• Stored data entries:
%%

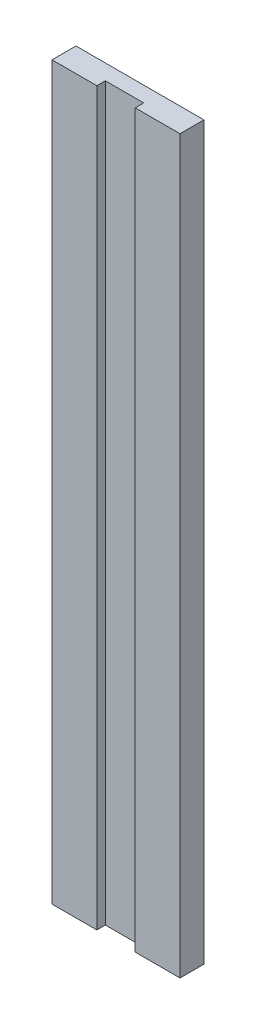
from build123d import *

# Parameters (mm, degrees)
SKETCH1_W           = 70
SKETCH1_H           = 400
BOSS_EXTRUDE1_DEPTH = 8.45
BOSS_EXTRUDE2_START = -8.45
SKETCH3_W           = 24.5
SKETCH3_H           = 400
BOSS_EXTRUDE2_DEPTH = 13.1


with BuildPart() as part:
    # Sketch1 → Boss-Extrude1 (new body)
    with BuildSketch(Plane.XY):
        Rectangle(SKETCH1_W, SKETCH1_H)
    extrude(amount=BOSS_EXTRUDE1_DEPTH)

    # Sketch3 → Boss-Extrude2 (add)
    with BuildSketch(Plane.XY.offset(8.45).offset(BOSS_EXTRUDE2_START)):
        with Locations((22.75, 0)):
            Rectangle(SKETCH3_W, SKETCH3_H)
        with Locations((-22.75, 0)):
            Rectangle(SKETCH3_W, SKETCH3_H)
    extrude(amount=BOSS_EXTRUDE2_DEPTH)


solid = part.part
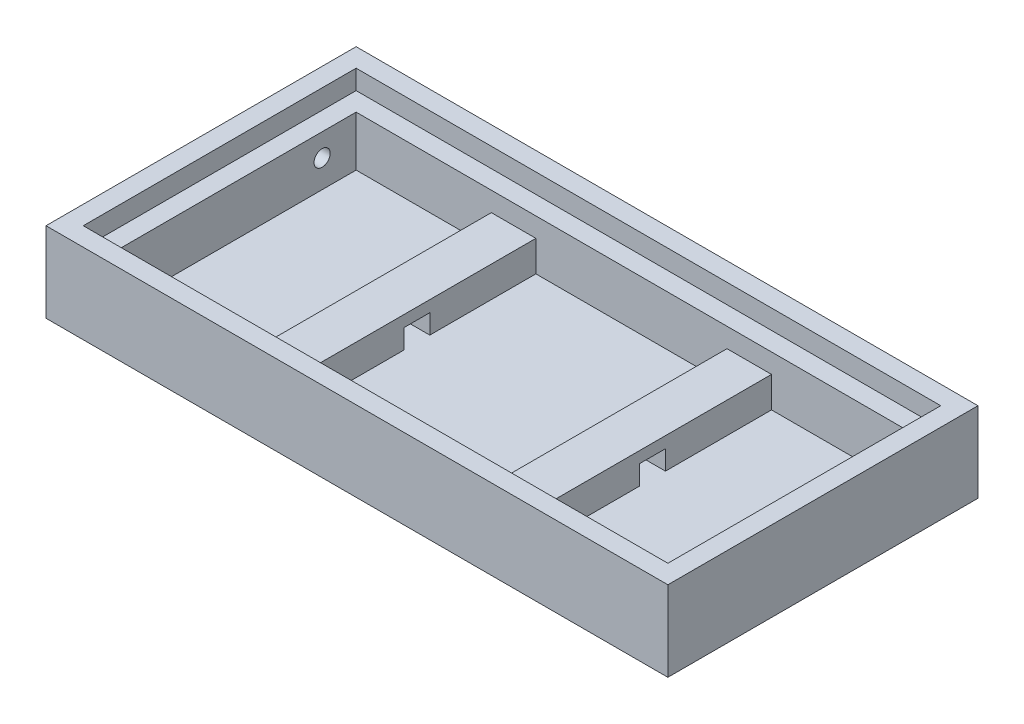
from build123d import *

# Parameters (mm, degrees)
SKETCH3_W           = 1219.2
SKETCH3_H           = 608.0125
BOSS_EXTRUDE1_DEPTH = 20.6375
SKETCH4_W           = 1219.2
SKETCH4_H           = 608.0125
SKETCH4_W_2         = 1146.175
SKETCH4_H_2         = 534.9875
BOSS_EXTRUDE2_DEPTH = 136.525
SKETCH5_W           = 1146.175
SKETCH5_H           = 534.9875
SKETCH5_W_2         = 1073.15
SKETCH5_H_2         = 461.9625
BOSS_EXTRUDE3_DEPTH = 98.425
SKETCH6_W           = 87.3125
SKETCH6_H           = 461.9625
BOSS_EXTRUDE4_DEPTH = 60.325
SKETCH7_W           = 50.8
SKETCH7_H           = 38.1
CUT_EXTRUDE1_DEPTH  = 549.275
SKETCH8_R           = 15.875
CUT_EXTRUDE2_DEPTH  = 73.025


with BuildPart() as part:
    # Sketch3 → Boss-Extrude1 (new body)
    with BuildSketch(Plane(origin=(0, 0, 0), x_dir=(1, 0, 0), z_dir=(0, 1, 0))):
        with Locations((609.6, 304.00625)):
            Rectangle(SKETCH3_W, SKETCH3_H)
    extrude(amount=BOSS_EXTRUDE1_DEPTH)

    # Sketch4 → Boss-Extrude2 (add)
    with BuildSketch(Plane(origin=(0, 20.6375, 0), x_dir=(1, 0, 0), z_dir=(0, 1, 0))):
        with Locations((609.6, 304.00625)):
            Rectangle(SKETCH4_W, SKETCH4_H)
        with Locations((609.6, 304.00625)):
            Rectangle(SKETCH4_W_2, SKETCH4_H_2, mode=Mode.SUBTRACT)
    extrude(amount=BOSS_EXTRUDE2_DEPTH)

    # Sketch5 → Boss-Extrude3 (add)
    with BuildSketch(Plane(origin=(0, 20.6375, 0), x_dir=(1, 0, 0), z_dir=(0, 1, 0))):
        with Locations((609.6, 304.00625)):
            Rectangle(SKETCH5_W, SKETCH5_H)
        with Locations((609.6, 304.00625)):
            Rectangle(SKETCH5_W_2, SKETCH5_H_2, mode=Mode.SUBTRACT)
    extrude(amount=BOSS_EXTRUDE3_DEPTH)

    # Sketch6 → Boss-Extrude4 (add)
    with BuildSketch(Plane(origin=(0, 20.6375, 0), x_dir=(1, 0, 0), z_dir=(0, 1, 0))):
        with Locations((843.75625, 304.00625)):
            Rectangle(SKETCH6_W, SKETCH6_H)
        with Locations((381.79375, 304.00625)):
            Rectangle(SKETCH6_W, SKETCH6_H)
    extrude(amount=BOSS_EXTRUDE4_DEPTH)

    # Sketch7 → Cut-Extrude1 (cut)
    with BuildSketch(Plane(origin=(887.4125, 0, 0), x_dir=(0, 0, -1), z_dir=(1, 0, 0))):
        with Locations((301.625, 39.6875)):
            Rectangle(SKETCH7_W, SKETCH7_H)
    extrude(amount=-CUT_EXTRUDE1_DEPTH, mode=Mode.SUBTRACT)

    # Sketch8 → Cut-Extrude2 (cut)
    with BuildSketch(Plane(origin=(73.025, 0, 0), x_dir=(0, 0, -1), z_dir=(1, 0, 0))):
        with Locations((468.3125, 74.6125)):
            Circle(SKETCH8_R)
    extrude(amount=-CUT_EXTRUDE2_DEPTH, mode=Mode.SUBTRACT)


solid = part.part
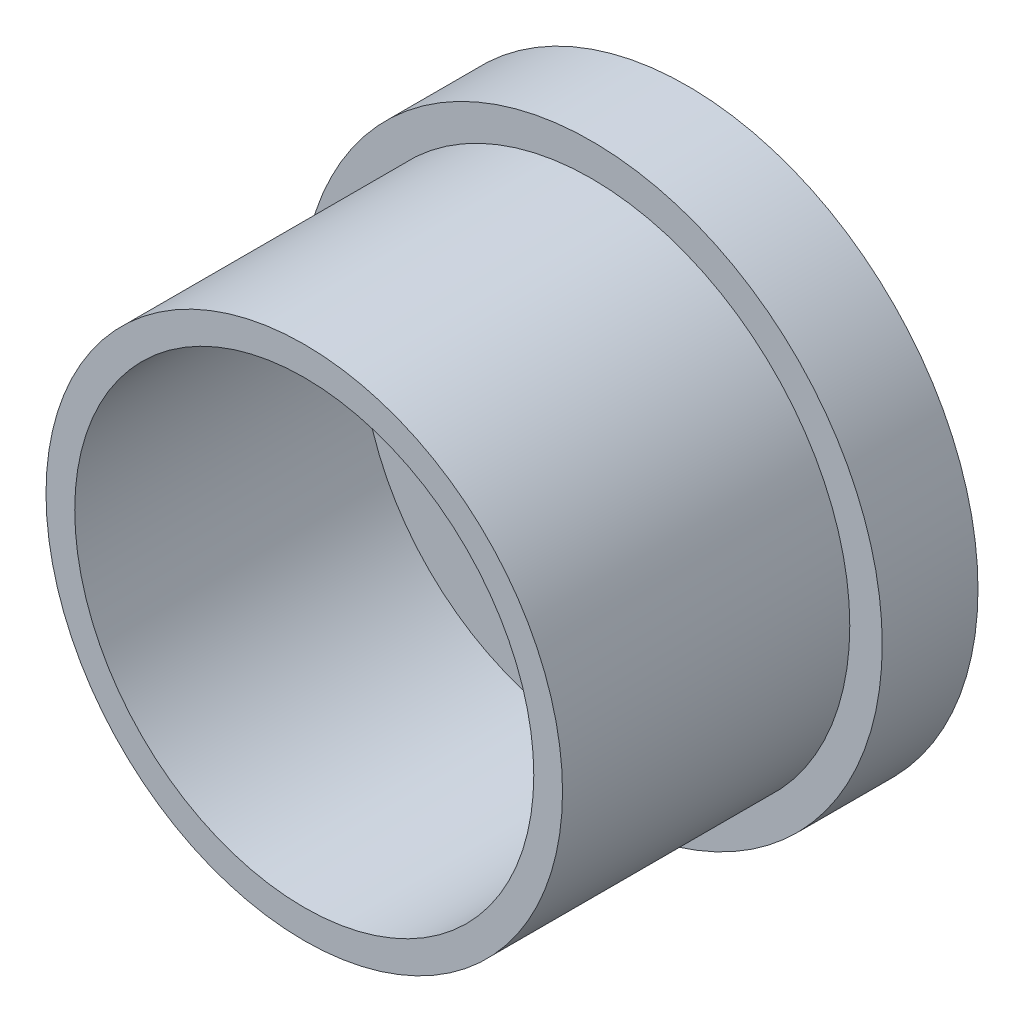
from build123d import *

# Parameters (mm, degrees)
SKETCH3_R           = 30.358351357
BOSS_EXTRUDE2_DEPTH = 10
SKETCH4_R           = 26.969977479
SKETCH4_R_2         = 23.969977479
BOSS_EXTRUDE3_DEPTH = 30


with BuildPart() as part:
    # Sketch3 → Boss-Extrude2 (new body)
    with BuildSketch(Plane.XY):
        with Locations((-22.75, 10.5)):
            Circle(SKETCH3_R)
        with BuildLine():
            ThreePointArc((-35, 1.680276087), (-43.819723913, 10.5), (-35, 19.319723913))
            Line((-35, 19.319723913), (-28.378131485, 19.319723913))
            Line((-28.378131485, 19.319723913), (-28.378131485, 21))
            Line((-28.378131485, 21), (-17.074172485, 21))
            Line((-17.074172485, 21), (-17.074172485, 19.319723913))
            Line((-17.074172485, 19.319723913), (-10.5, 19.319723913))
            ThreePointArc((-10.5, 19.319723913), (-1.680276087, 10.5), (-10.5, 1.680276087))
            Line((-10.5, 1.680276087), (-16.75, 1.680276087))
            Line((-16.75, 1.680276087), (-16.75, 0))
            Line((-16.75, 0), (-28.75, 0))
            Line((-28.75, 0), (-28.75, 1.680276087))
            Line((-28.75, 1.680276087), (-35, 1.680276087))
        make_face(mode=Mode.SUBTRACT)
    extrude(amount=BOSS_EXTRUDE2_DEPTH)

    # Sketch4 → Boss-Extrude3 (add)
    with BuildSketch(Plane.XY.offset(10)):
        with Locations((-22.75, 10.5)):
            Circle(SKETCH4_R)
        with Locations((-22.75, 10.5)):
            Circle(SKETCH4_R_2, mode=Mode.SUBTRACT)
    extrude(amount=BOSS_EXTRUDE3_DEPTH)


solid = part.part
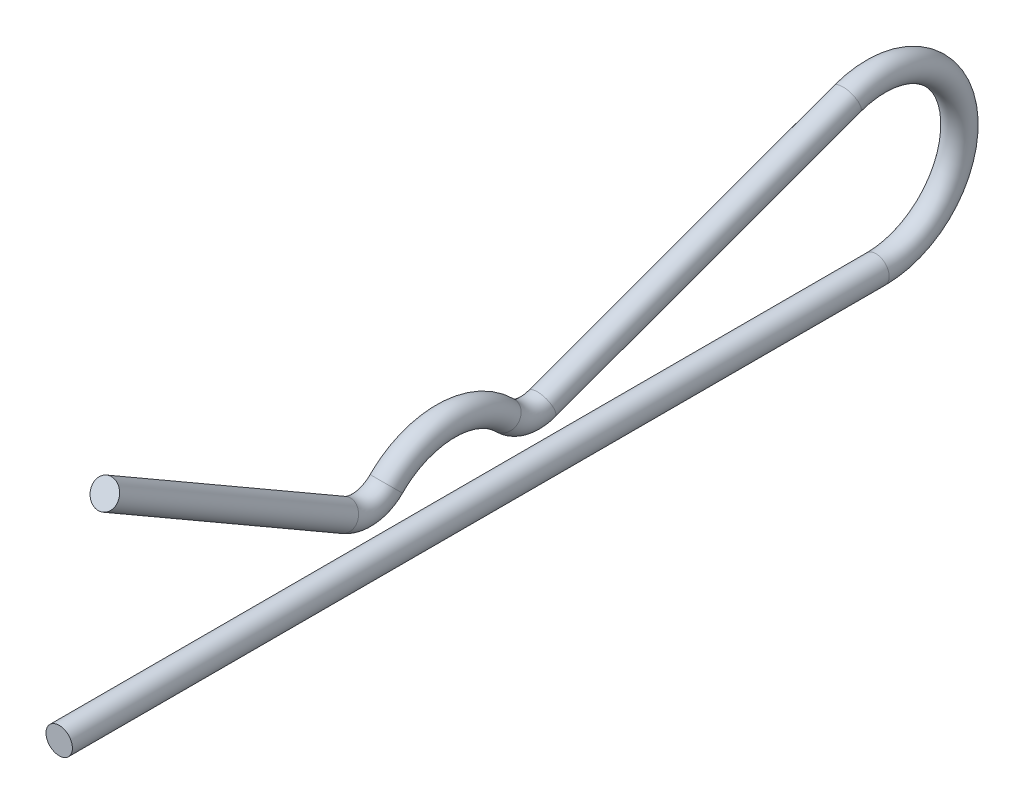
from build123d import *

# Parameters (mm, degrees)
SKETCH3_R = 0.5969


with BuildPart() as part:
    # Sweep1: sweep along a path in Sketch4
    with BuildLine(Plane(origin=(0, 0, 0), x_dir=(0, 0, -1), z_dir=(1, 0, 0))) as sweep1_path:
        Line((-18.57375, 4.859208931), (-7.776103247, -1.374815329))
        ThreePointArc((-7.776103247, -1.374815329), (-6.771462378, -1.573429786), (-5.854582736, -1.117268957))
        ThreePointArc((-5.854582736, -1.117268957), (-3.175, 0), (-0.495417264, -1.117268957))
        ThreePointArc((-0.495417264, -1.117268957), (0.28573535, -1.549197303), (1.176473152, -1.491338251))
        Line((1.176473152, -1.491338251), (14.975871107, 3.543419685))
        ThreePointArc((14.975871107, 3.543419685), (19.983040744, 0.656431604), (16.2687, -3.7719))
        Line((16.2687, -3.7719), (-20.6375, -3.7719))
    # Sketch3 → Sweep1 (sweep)
    with BuildSketch(Plane.XY.offset(20.6375)):
        with Locations((0, -3.7719)):
            Circle(SKETCH3_R)
    sweep(path=sweep1_path.line)


solid = part.part
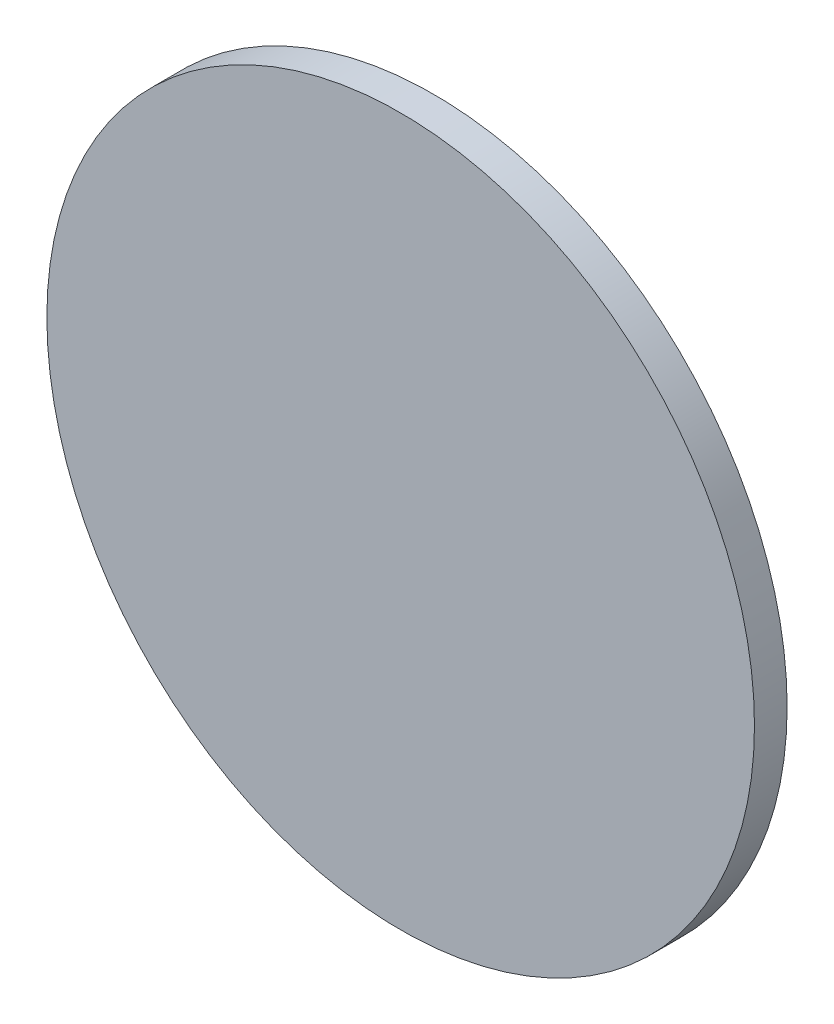
from build123d import *

# Parameters (mm, degrees)
SKETCH1_R           = 65
BOSS_EXTRUDE1_DEPTH = 6


with BuildPart() as part:
    # Sketch1 → Boss-Extrude1 (new body)
    with BuildSketch(Plane.XY):
        Circle(SKETCH1_R)
    extrude(amount=BOSS_EXTRUDE1_DEPTH)


solid = part.part
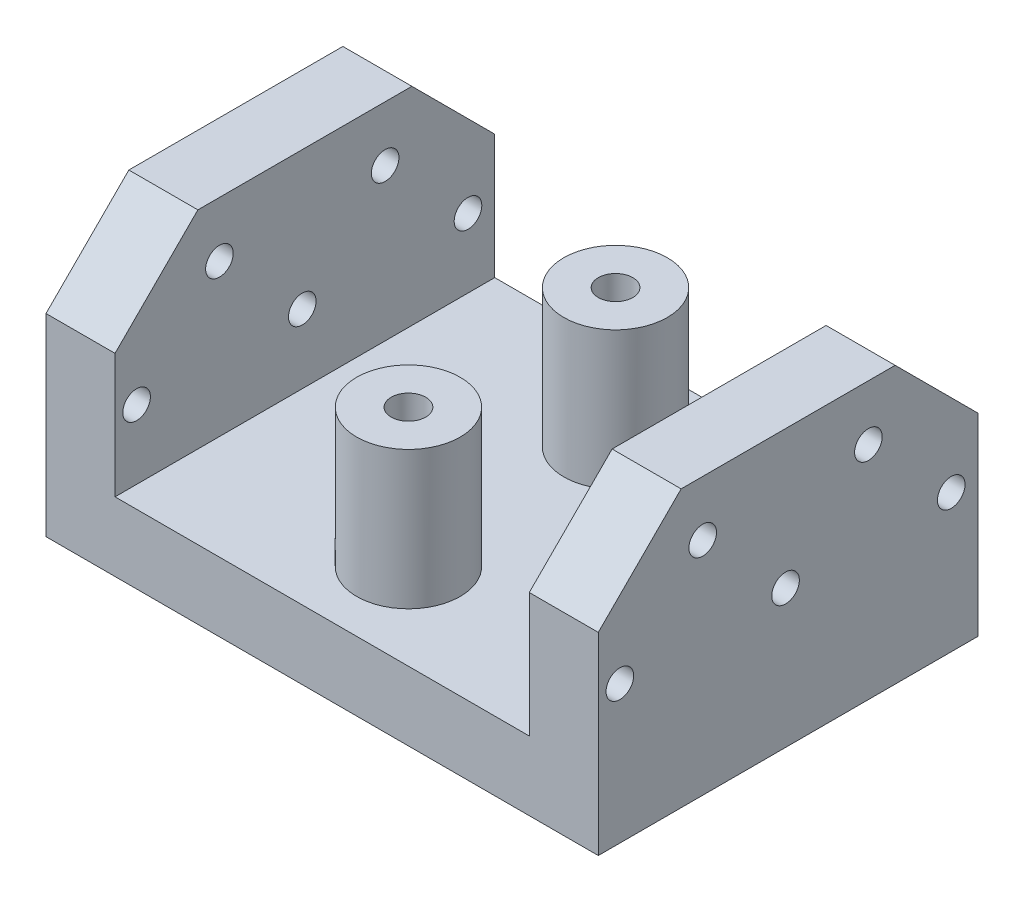
from build123d import *

# Parameters (mm, degrees)
SKETCH1_W           = 80
SKETCH1_H           = 55
BOSS_EXTRUDE1_DEPTH = 10
SKETCH2_W           = 10
SKETCH2_H           = 55
BOSS_EXTRUDE2_DEPTH = 30
SKETCH3_R           = 2
CUT_EXTRUDE1_DEPTH  = 81
SKETCH4_R           = 2.5
CUT_EXTRUDE2_DEPTH  = 30
SKETCH5_R           = 7.5
SKETCH5_R_2         = 2.5
BOSS_EXTRUDE3_DEPTH = 20
SKETCH6_W           = 20.5
SKETCH6_H           = 3.25
CUT_EXTRUDE3_DEPTH  = 5
CUT_EXTRUDE4_DEPTH  = 81


with BuildPart() as part:
    # Sketch1 → Boss-Extrude1 (new body)
    with BuildSketch(Plane(origin=(0, 0, 0), x_dir=(1, 0, 0), z_dir=(0, 1, 0))):
        Rectangle(SKETCH1_W, SKETCH1_H)
    extrude(amount=BOSS_EXTRUDE1_DEPTH)

    # Sketch2 → Boss-Extrude2 (add)
    with BuildSketch(Plane(origin=(0, 10, 0), x_dir=(1, 0, 0), z_dir=(0, 1, 0))):
        with Locations((-35, 0)):
            Rectangle(SKETCH2_W, SKETCH2_H)
        with Locations((35, 0)):
            Rectangle(SKETCH2_W, SKETCH2_H)
    extrude(amount=BOSS_EXTRUDE2_DEPTH)

    # Sketch3 → Cut-Extrude1 (cut, through all)
    with BuildSketch(Plane.ZY.offset(40)):
        with Locations((-23.624192801, 20)):
            Circle(SKETCH3_R)
        with Locations((0.375807199, 20)):
            Circle(SKETCH3_R)
        with Locations((24.375807199, 20)):
            Circle(SKETCH3_R)
        with Locations((-11.624192801, 32)):
            Circle(SKETCH3_R)
        with Locations((12.375807199, 32)):
            Circle(SKETCH3_R)
    extrude(amount=-CUT_EXTRUDE1_DEPTH, mode=Mode.SUBTRACT)

    # Sketch4 → Cut-Extrude2 (cut)
    with BuildSketch(Plane.XZ):
        with Locations((0, 15)):
            Circle(SKETCH4_R)
        with Locations((0, -15)):
            Circle(SKETCH4_R)
    extrude(amount=-CUT_EXTRUDE2_DEPTH, mode=Mode.SUBTRACT)

    # Sketch5 → Boss-Extrude3 (add)
    with BuildSketch(Plane(origin=(0, 10, 0), x_dir=(1, 0, 0), z_dir=(0, 1, 0))):
        with Locations((0, 15)):
            Circle(SKETCH5_R)
        with Locations((0, 15)):
            Circle(SKETCH5_R_2, mode=Mode.SUBTRACT)
        with Locations((0, -15)):
            Circle(SKETCH5_R)
        with Locations((0, -15)):
            Circle(SKETCH5_R_2, mode=Mode.SUBTRACT)
    extrude(amount=BOSS_EXTRUDE3_DEPTH)

    # Sketch6 → Cut-Extrude3 (cut)
    with BuildSketch(Plane.XZ):
        with Locations((0, 9.125)):
            Rectangle(SKETCH6_W, SKETCH6_H)
        with Locations((0, -9.125)):
            Rectangle(SKETCH6_W, SKETCH6_H)
    extrude(amount=-CUT_EXTRUDE3_DEPTH, mode=Mode.SUBTRACT)

    # Sketch7 → Cut-Extrude4 (cut, through all)
    with BuildSketch(Plane(origin=(40, 0, 0), x_dir=(0, 0, -1), z_dir=(1, 0, 0))):
        Polygon((-27.5, 28), (-15.5, 40), (-27.5, 40), align=None)
        Polygon((15.5, 40), (27.5, 28), (27.5, 40), align=None)
    extrude(amount=-CUT_EXTRUDE4_DEPTH, mode=Mode.SUBTRACT)


solid = part.part
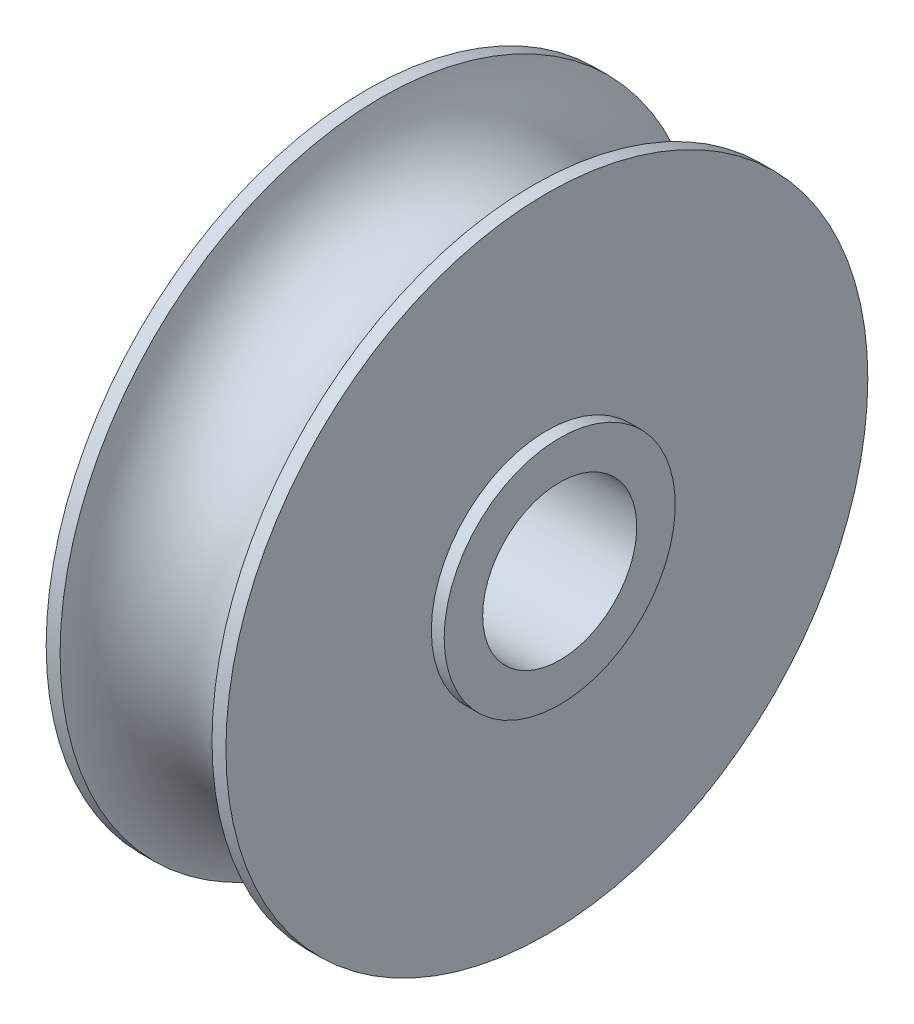
from build123d import *


with BuildPart() as part:
    # Esquisse1 → Révolution1 (revolve)
    with BuildSketch(Plane.XY):
        with BuildLine():
            Line((2.958039892, 12.5), (3.5, 12.5))
            Line((3.5, 12.5), (3.5, 4.5))
            Line((3.5, 4.5), (4, 4.5))
            Line((4, 4.5), (4, 3))
            Line((4, 3), (-4, 3))
            Line((-4, 3), (-4, 4.5))
            Line((-4, 4.5), (-3.5, 4.5))
            Line((-3.5, 4.5), (-3.5, 12.5))
            Line((-3.5, 12.5), (-2.958039892, 12.5))
            ThreePointArc((-2.958039892, 12.5), (0, 10), (2.958039892, 12.5))
        make_face()
    revolve(axis=Axis((-29.079829172, 0, 0), (1, 0, 0)))


solid = part.part

%%

Scan the entries above for the line containing "make_face(mode=Mode.SUBTRACT)", and copy it and all lines after it exactly, down to and including the line containing "Circle(SKETCH4_R_2, mode=Mode.SUBTRACT)".

• WRITTEN SOLUTION:
        make_face(mode=Mode.SUBTRACT)
    extrude(amount=BOSS_EXTRUDE2_DEPTH)

    # Sketch4 → Boss-Extrude3 (add)
    with BuildSketch(Plane.XY.offset(10)):
        with Locations((-22.75, 10.5)):
            Circle(SKETCH4_R)
        with Locations((-22.75, 10.5)):
            Circle(SKETCH4_R_2, mode=Mode.SUBTRACT)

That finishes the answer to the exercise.